***** Provided records
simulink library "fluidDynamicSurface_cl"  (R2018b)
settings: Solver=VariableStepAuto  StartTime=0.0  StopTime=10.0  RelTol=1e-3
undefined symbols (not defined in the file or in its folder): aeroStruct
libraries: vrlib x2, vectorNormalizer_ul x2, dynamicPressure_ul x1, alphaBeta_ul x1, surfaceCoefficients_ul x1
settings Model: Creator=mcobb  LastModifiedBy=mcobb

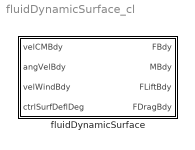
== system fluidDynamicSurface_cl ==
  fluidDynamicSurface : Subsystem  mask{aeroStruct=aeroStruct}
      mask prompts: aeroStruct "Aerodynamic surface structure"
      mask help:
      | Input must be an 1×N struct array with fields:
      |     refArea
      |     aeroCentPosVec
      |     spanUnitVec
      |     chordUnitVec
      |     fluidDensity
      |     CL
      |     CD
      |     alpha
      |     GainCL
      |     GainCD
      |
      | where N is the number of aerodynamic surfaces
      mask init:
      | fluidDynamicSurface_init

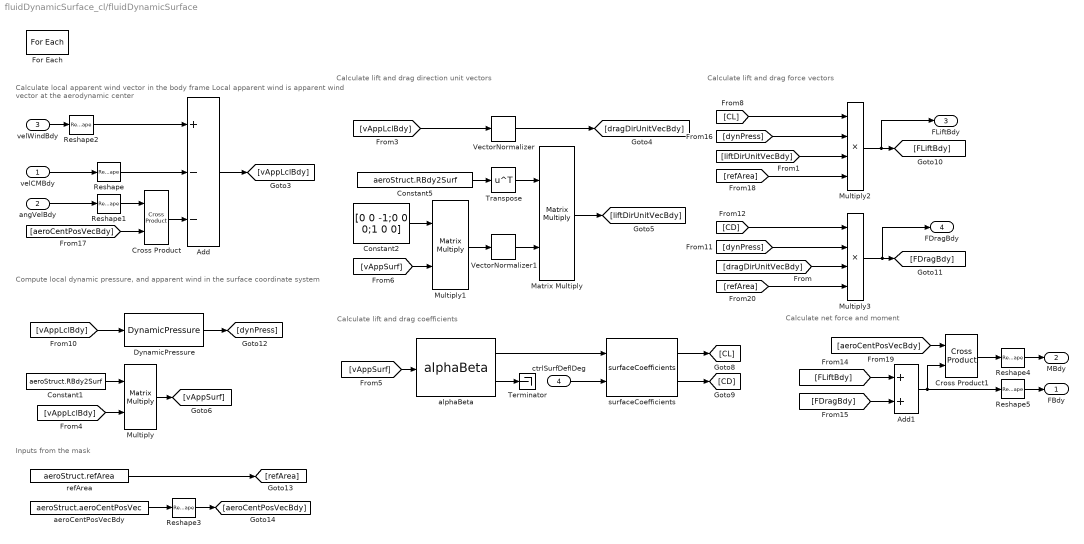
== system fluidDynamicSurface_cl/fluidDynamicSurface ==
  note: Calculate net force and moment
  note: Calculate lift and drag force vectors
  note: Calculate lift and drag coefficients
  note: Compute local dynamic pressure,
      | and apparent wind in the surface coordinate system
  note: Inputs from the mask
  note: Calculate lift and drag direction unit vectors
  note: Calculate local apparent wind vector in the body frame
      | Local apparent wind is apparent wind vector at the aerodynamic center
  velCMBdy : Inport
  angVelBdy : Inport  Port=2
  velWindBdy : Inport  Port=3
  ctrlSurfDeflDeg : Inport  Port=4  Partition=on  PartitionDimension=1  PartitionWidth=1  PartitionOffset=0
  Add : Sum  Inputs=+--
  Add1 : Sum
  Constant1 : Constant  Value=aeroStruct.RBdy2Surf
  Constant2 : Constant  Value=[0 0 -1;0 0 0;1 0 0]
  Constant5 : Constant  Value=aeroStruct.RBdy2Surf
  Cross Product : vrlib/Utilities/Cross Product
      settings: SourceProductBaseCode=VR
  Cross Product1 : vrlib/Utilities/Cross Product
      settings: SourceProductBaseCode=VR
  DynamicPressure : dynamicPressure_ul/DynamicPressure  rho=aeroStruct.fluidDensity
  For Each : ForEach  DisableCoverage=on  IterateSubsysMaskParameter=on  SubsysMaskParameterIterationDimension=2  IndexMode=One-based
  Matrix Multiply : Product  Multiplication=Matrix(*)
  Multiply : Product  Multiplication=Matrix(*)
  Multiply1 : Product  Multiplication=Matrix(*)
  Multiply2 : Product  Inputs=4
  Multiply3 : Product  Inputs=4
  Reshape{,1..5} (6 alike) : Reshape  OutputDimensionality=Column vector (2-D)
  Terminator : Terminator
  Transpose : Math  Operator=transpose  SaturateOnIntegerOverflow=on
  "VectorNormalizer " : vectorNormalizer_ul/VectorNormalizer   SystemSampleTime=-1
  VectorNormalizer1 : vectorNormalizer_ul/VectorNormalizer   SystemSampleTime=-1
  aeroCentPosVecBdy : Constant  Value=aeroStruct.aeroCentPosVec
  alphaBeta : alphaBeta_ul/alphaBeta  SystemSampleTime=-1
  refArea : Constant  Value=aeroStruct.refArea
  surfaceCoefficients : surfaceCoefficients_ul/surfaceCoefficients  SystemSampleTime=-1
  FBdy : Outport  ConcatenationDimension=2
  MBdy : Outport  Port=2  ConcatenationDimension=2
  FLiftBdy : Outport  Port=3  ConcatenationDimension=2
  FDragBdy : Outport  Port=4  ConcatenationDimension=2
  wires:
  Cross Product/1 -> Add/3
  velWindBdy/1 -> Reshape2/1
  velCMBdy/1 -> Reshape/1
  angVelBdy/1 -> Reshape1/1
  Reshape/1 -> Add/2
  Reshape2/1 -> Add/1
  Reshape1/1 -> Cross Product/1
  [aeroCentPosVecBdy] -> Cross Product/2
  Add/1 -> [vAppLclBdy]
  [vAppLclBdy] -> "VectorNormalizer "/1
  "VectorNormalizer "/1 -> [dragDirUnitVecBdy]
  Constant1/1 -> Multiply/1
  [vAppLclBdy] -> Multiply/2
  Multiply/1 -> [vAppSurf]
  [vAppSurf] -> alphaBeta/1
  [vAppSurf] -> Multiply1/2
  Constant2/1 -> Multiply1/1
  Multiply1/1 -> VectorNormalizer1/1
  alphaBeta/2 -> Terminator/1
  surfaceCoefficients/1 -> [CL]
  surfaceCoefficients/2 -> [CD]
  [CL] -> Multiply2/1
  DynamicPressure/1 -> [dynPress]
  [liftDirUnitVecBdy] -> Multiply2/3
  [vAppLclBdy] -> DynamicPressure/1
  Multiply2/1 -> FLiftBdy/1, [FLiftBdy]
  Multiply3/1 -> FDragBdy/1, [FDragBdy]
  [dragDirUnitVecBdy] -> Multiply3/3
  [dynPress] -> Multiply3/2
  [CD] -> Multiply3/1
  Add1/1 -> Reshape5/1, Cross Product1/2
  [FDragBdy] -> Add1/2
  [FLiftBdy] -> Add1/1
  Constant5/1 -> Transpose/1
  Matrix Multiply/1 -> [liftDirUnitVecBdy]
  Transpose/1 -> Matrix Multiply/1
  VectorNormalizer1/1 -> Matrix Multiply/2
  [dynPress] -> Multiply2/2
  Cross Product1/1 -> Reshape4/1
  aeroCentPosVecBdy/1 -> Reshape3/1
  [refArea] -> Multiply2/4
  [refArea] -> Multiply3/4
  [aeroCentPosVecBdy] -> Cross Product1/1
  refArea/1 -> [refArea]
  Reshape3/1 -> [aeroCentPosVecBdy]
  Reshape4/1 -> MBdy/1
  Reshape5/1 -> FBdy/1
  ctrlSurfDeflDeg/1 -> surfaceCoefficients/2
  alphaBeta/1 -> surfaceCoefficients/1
**********
Problem statement:
Only one part of the material above is to be transcribed, namely the lines starting with the line that has "Constant2/1 -> Multiply1/1" and going on through the line that has "[refArea] -> Multiply3/4", exactly as they stand.

Exercise response:
  Constant2/1 -> Multiply1/1
  Multiply1/1 -> VectorNormalizer1/1
  alphaBeta/2 -> Terminator/1
  surfaceCoefficients/1 -> [CL]
  surfaceCoefficients/2 -> [CD]
  [CL] -> Multiply2/1
  DynamicPressure/1 -> [dynPress]
  [liftDirUnitVecBdy] -> Multiply2/3
  [vAppLclBdy] -> DynamicPressure/1
  Multiply2/1 -> FLiftBdy/1, [FLiftBdy]
  Multiply3/1 -> FDragBdy/1, [FDragBdy]
  [dragDirUnitVecBdy] -> Multiply3/3
  [dynPress] -> Multiply3/2
  [CD] -> Multiply3/1
  Add1/1 -> Reshape5/1, Cross Product1/2
  [FDragBdy] -> Add1/2
  [FLiftBdy] -> Add1/1
  Constant5/1 -> Transpose/1
  Matrix Multiply/1 -> [liftDirUnitVecBdy]
  Transpose/1 -> Matrix Multiply/1
  VectorNormalizer1/1 -> Matrix Multiply/2
  [dynPress] -> Multiply2/2
  Cross Product1/1 -> Reshape4/1
  aeroCentPosVecBdy/1 -> Reshape3/1
  [refArea] -> Multiply2/4
  [refArea] -> Multiply3/4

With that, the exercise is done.